Start of EXCERPTED DATA

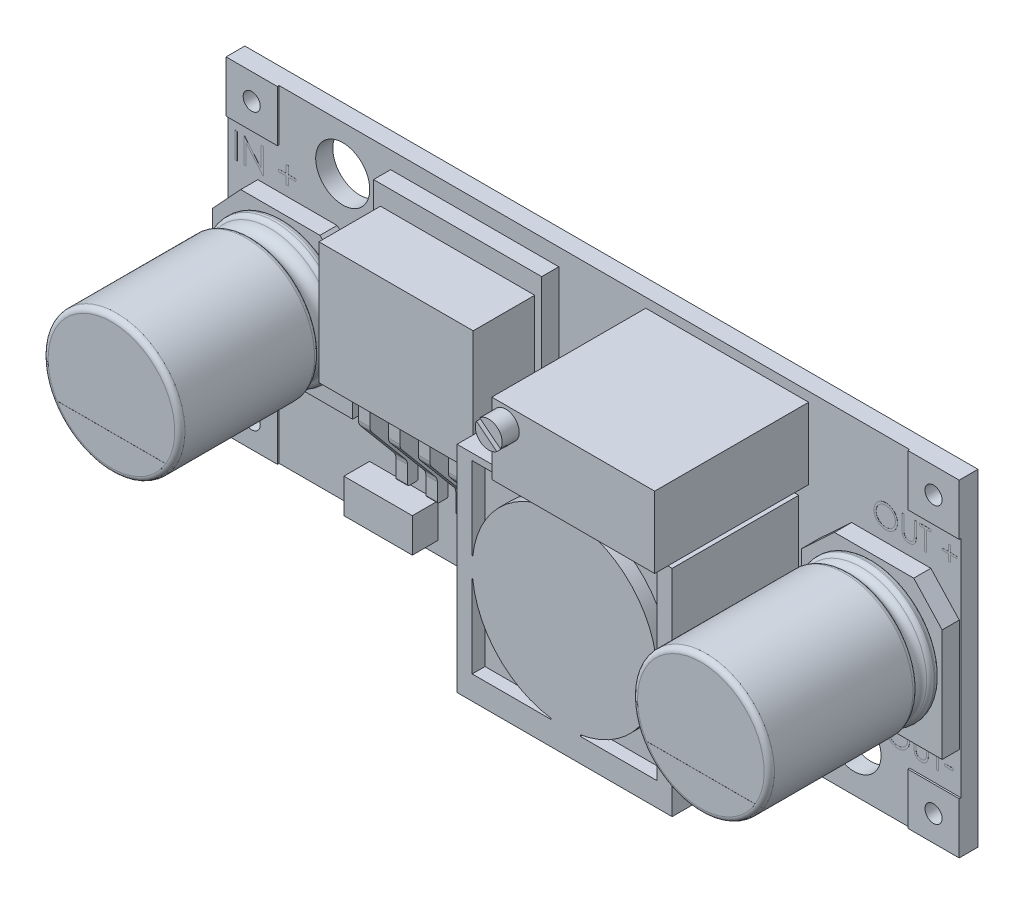
from build123d import *

# Parameters (mm, degrees)
SKETCH1_W            = 42.852737666
SKETCH1_H            = 19.127379028
SKETCH1_R            = 1.58
BOSS_EXTRUDE1_DEPTH  = 1
SKETCH2_W            = 3
SKETCH2_H            = 3
BOSS_EXTRUDE2_DEPTH  = 0.1
SKETCH3_R            = 0.5
CUT_EXTRUDE1_DEPTH   = 5
BOSS_EXTRUDE3_DEPTH  = 1
SKETCH6_W            = 9.83
SKETCH6_H            = 8.75
BOSS_EXTRUDE5_DEPTH  = 4.6
SKETCH7_W            = 9.83
SKETCH7_H            = 8.75
SKETCH7_W_2          = 9.014866003
SKETCH7_H_2          = 7.13033049
CUT_EXTRUDE2_DEPTH   = 3.6
SKETCH8_W            = 0.671327252
SKETCH8_H            = 3.75
BOSS_EXTRUDE6_DEPTH  = 8
SKETCH10_W           = 12.57
SKETCH10_H           = 12.57
BOSS_EXTRUDE7_DEPTH  = 7.4
CUT_EXTRUDE7_DEPTH   = 0.75
SKETCH13_W           = 9.52
SKETCH13_H           = 4.17
BOSS_EXTRUDE8_DEPTH  = 9
SKETCH14_R           = 0.785768403
BOSS_EXTRUDE9_DEPTH  = 1
CUT_EXTRUDE8_DEPTH   = 0.4
CUT_EXTRUDE10_DEPTH  = 9
SKETCH21_W           = 1
SKETCH21_H           = 0.471986251
BOSS_EXTRUDE11_DEPTH = 8.8665
BOSS_EXTRUDE15_DEPTH = 0.005
BOSS_EXTRUDE16_DEPTH = 0.005
SKETCH26_W           = 4
SKETCH26_H           = 2
BOSS_EXTRUDE18_DEPTH = 1.5
SKETCH28_W           = 0.134615385
SKETCH28_H           = 1.5
SKETCH28_W_2         = 0.576923077
SKETCH28_H_2         = 0.153846154
BOSS_EXTRUDE19_DEPTH = 0.005
SKETCH29_W           = 0.134615385
SKETCH29_H           = 1.5
BOSS_EXTRUDE20_DEPTH = 0.005
BOSS_EXTRUDE21_DEPTH = 0.005
SKETCH32_W           = 0.5
SKETCH32_H           = 0.133333333
BOSS_EXTRUDE23_DEPTH = 0.005


with BuildPart() as part:
    # Sketch1 → Boss-Extrude1 (new body)
    with BuildSketch(Plane.XY):
        Rectangle(SKETCH1_W, SKETCH1_H)
        with Locations((-14.706368833, 6.953689514)):
            Circle(SKETCH1_R, mode=Mode.SUBTRACT)
        with Locations((15.176368833, -6.773993326)):
            Circle(SKETCH1_R, mode=Mode.SUBTRACT)
    extrude(amount=BOSS_EXTRUDE1_DEPTH)

    # Sketch2 → Boss-Extrude2 (add)
    with BuildSketch(Plane.XY.offset(1)):
        with Locations((-19.926368833, 8.063689514)):
            Rectangle(SKETCH2_W, SKETCH2_H)
        with Locations((-19.926368833, -8.063689514)):
            Rectangle(SKETCH2_W, SKETCH2_H)
        with Locations((19.926368833, -8.063689514)):
            Rectangle(SKETCH2_W, SKETCH2_H)
        with Locations((19.926368833, 8.063689514)):
            Rectangle(SKETCH2_W, SKETCH2_H)
    extrude(amount=BOSS_EXTRUDE2_DEPTH)

    # Sketch3 → Cut-Extrude1 (cut)
    with BuildSketch(Plane.XY.offset(1.1)):
        with Locations((-19.926368833, 8.063689514)):
            Circle(SKETCH3_R)
        with Locations((-19.926368833, -8.063689514)):
            Circle(SKETCH3_R)
        with Locations((19.926368833, -8.063689514)):
            Circle(SKETCH3_R)
        with Locations((19.926368833, 8.063689514)):
            Circle(SKETCH3_R)
    extrude(amount=-CUT_EXTRUDE1_DEPTH, mode=Mode.SUBTRACT)

    # Sketch4 → Boss-Extrude3 (add)
    with BuildSketch(Plane.XY.offset(1)):
        Polygon((-19.66991348, 4.175), (-21.331368833, 2.383236744), (-21.331368833, -4.175), (-13.121368833, -4.175), (-13.121368833, 2.397984661), (-15.037755442, 4.175), align=None)
        Polygon((19.66991348, 4.175), (15.037755442, 4.175), (13.121368833, 2.397984661), (13.121368833, -4.175), (21.331368833, -4.175), (21.331368833, 2.383236744), align=None)
    extrude(amount=BOSS_EXTRUDE3_DEPTH)

    # Sketch6 → Boss-Extrude5 (add)
    with BuildSketch(Plane.XY.offset(1)):
        with Locations((-6.991368833, 4.188689514)):
            Rectangle(SKETCH6_W, SKETCH6_H)
    extrude(amount=BOSS_EXTRUDE5_DEPTH)

    # Sketch7 → Cut-Extrude2 (cut)
    with BuildSketch(Plane.XY.offset(5.6)):
        with Locations((-6.991368833, 4.188689514)):
            Rectangle(SKETCH7_W, SKETCH7_H)
        with Locations((-6.991368834, 3.853025888)):
            Rectangle(SKETCH7_W_2, SKETCH7_H_2, mode=Mode.SUBTRACT)
    extrude(amount=-CUT_EXTRUDE2_DEPTH, mode=Mode.SUBTRACT)

    # Sketch8 → Boss-Extrude6 (add)
    with BuildSketch(Plane(origin=(0, 0.287860643, 0), x_dir=(-1, 0, 0), z_dir=(0, -1, 0))):
        with Locations((8.85699558, -2.895840935)):
            Rectangle(SKETCH8_W, SKETCH8_H)
        with Locations((10.60699558, -2.895840935)):
            Rectangle(SKETCH8_W, SKETCH8_H)
        with Locations((7.10699558, -2.895840935)):
            Rectangle(SKETCH8_W, SKETCH8_H)
        with Locations((5.35699558, -2.895840935)):
            Rectangle(SKETCH8_W, SKETCH8_H)
        with Locations((3.60699558, -2.895840935)):
            Rectangle(SKETCH8_W, SKETCH8_H)
    extrude(amount=BOSS_EXTRUDE6_DEPTH)

    # Sketch10 → Boss-Extrude7 (add)
    with BuildSketch(Plane.XY.offset(1)):
        with Locations((5.661368833, -2.278689514)):
            Rectangle(SKETCH10_W, SKETCH10_H)
    extrude(amount=BOSS_EXTRUDE7_DEPTH)

    # Sketch11 → Cut-Extrude7 (cut)
    with BuildSketch(Plane.XY.offset(8.4)):
        with BuildLine():
            Line((0.261368833, -1.168201078), (0.29215187, -1.202921155))
            ThreePointArc((0.29215187, -1.202921155), (1.796004083, 1.992113497), (4.952819072, 3.574623221))
            Line((4.952819072, 3.574623221), (4.952819072, 3.621310486))
            Line((4.952819072, 3.621310486), (0.261368833, 3.621310486))
            Line((0.261368833, 3.621310486), (0.261368833, -1.168201078))
        make_face()
        with BuildLine():
            Line((0.261368833, -2.339421454), (0.29215187, -2.354457873))
            ThreePointArc((0.29215187, -2.354457873), (1.77039453, -5.523061153), (4.879917239, -7.121847139))
            Line((4.879917239, -7.121847139), (4.879917239, -7.178689514))
            Line((4.879917239, -7.178689514), (0.261368833, -7.178689514))
            Line((0.261368833, -7.178689514), (0.261368833, -2.339421454))
        make_face()
        with BuildLine():
            Line((11.061368833, -7.178689514), (11.061368833, -2.769135856))
            Line((11.061368833, -2.769135856), (10.969759931, -2.769135856))
            ThreePointArc((10.969759931, -2.769135856), (9.454565933, -5.622080694), (6.581950193, -7.099641493))
            Line((6.581950193, -7.099641493), (6.581950193, -7.178689514))
            Line((6.581950193, -7.178689514), (11.061368833, -7.178689514))
        make_face()
        with BuildLine():
            Line((6.280607425, 3.621310486), (6.280607425, 3.585687763))
            ThreePointArc((6.280607425, 3.585687763), (9.344711933, 2.170105696), (10.969759931, -0.788243173))
            Line((10.969759931, -0.788243173), (11.061368833, -0.788243173))
            Line((11.061368833, -0.788243173), (11.061368833, 3.621310486))
            Line((11.061368833, 3.621310486), (6.280607425, 3.621310486))
        make_face()
    extrude(amount=-CUT_EXTRUDE7_DEPTH, mode=Mode.SUBTRACT)

    # Sketch13 → Boss-Extrude8 (add)
    with BuildSketch(Plane.XY.offset(1)):
        with Locations((7.766965878, 6.922076652)):
            Rectangle(SKETCH13_W, SKETCH13_H)
    extrude(amount=BOSS_EXTRUDE8_DEPTH)

    # Sketch14 → Boss-Extrude9 (add)
    with BuildSketch(Plane.XY.offset(10)):
        with Locations((3.826540336, 8.02238566)):
            Circle(SKETCH14_R)
    extrude(amount=BOSS_EXTRUDE9_DEPTH)

    # Sketch16 → Cut-Extrude8 (cut)
    with BuildSketch(Plane.XY.offset(11)):
        Polygon((3.174779735, 8.708212326), (4.655828555, 7.530657116), (4.452314558, 7.274691057), (2.971265737, 8.452246267), align=None)
    extrude(amount=-CUT_EXTRUDE8_DEPTH, mode=Mode.SUBTRACT)

    # Sketch17 → Revolve1 (revolve)
    with BuildSketch(Plane(origin=(0, 0, 0), x_dir=(1, 0, 0), z_dir=(0, 1, 0))):
        with BuildLine():
            Line((-17.226368833, -2), (-17.226368833, -12))
            Line((-17.226368833, -12), (-20.926368833, -12))
            ThreePointArc((-20.926368833, -12), (-21.138500868, -11.912132034), (-21.226368833, -11.7))
            Line((-21.226368833, -11.7), (-21.226368833, -4.126856579))
            ThreePointArc((-21.226368833, -4.126856579), (-21.171634617, -3.954100406), (-21.027404197, -3.844382058))
            ThreePointArc((-21.027404197, -3.844382058), (-20.635591614, -3.288117016), (-21.027404197, -2.731851974))
            ThreePointArc((-21.027404197, -2.731851974), (-21.171634617, -2.622133626), (-21.226368833, -2.449377452))
            Line((-21.226368833, -2.449377452), (-21.226368833, -2.3))
            ThreePointArc((-21.226368833, -2.3), (-21.138500868, -2.087867966), (-20.926368833, -2))
            Line((-20.926368833, -2), (-17.226368833, -2))
        make_face()
    revolve(axis=Axis((-17.226368833, 0, 2), (0, 0, 1)))

    # Sketch18 → Revolve2 (revolve)
    with BuildSketch(Plane(origin=(0, 0, 0), x_dir=(1, 0, 0), z_dir=(0, 1, 0))):
        with BuildLine():
            Line((17.226368833, -2), (17.226368833, -12))
            Line((17.226368833, -12), (20.926368833, -12))
            ThreePointArc((20.926368833, -12), (21.138500868, -11.912132034), (21.226368833, -11.7))
            Line((21.226368833, -11.7), (21.226368833, -3.602613577))
            ThreePointArc((21.226368833, -3.602613577), (21.180569431, -3.443296107), (21.057155126, -3.332622937))
            ThreePointArc((21.057155126, -3.332622937), (20.838223322, -2.983304086), (21.057155126, -2.633985236))
            ThreePointArc((21.057155126, -2.633985236), (21.180569431, -2.523312065), (21.226368833, -2.363994596))
            Line((21.226368833, -2.363994596), (21.226368833, -2.3))
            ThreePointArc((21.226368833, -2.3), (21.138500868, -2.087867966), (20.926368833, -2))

End of EXCERPTED DATA

#### [EXERCISE DIRECTIONS]
Reproduce all lines from the records above that include the word "SUBTRACT".

#### [TASK SOLUTION]
            Circle(SKETCH1_R, mode=Mode.SUBTRACT)
            Circle(SKETCH1_R, mode=Mode.SUBTRACT)
    extrude(amount=-CUT_EXTRUDE1_DEPTH, mode=Mode.SUBTRACT)
            Rectangle(SKETCH7_W_2, SKETCH7_H_2, mode=Mode.SUBTRACT)
    extrude(amount=-CUT_EXTRUDE2_DEPTH, mode=Mode.SUBTRACT)
    extrude(amount=-CUT_EXTRUDE7_DEPTH, mode=Mode.SUBTRACT)
    extrude(amount=-CUT_EXTRUDE8_DEPTH, mode=Mode.SUBTRACT)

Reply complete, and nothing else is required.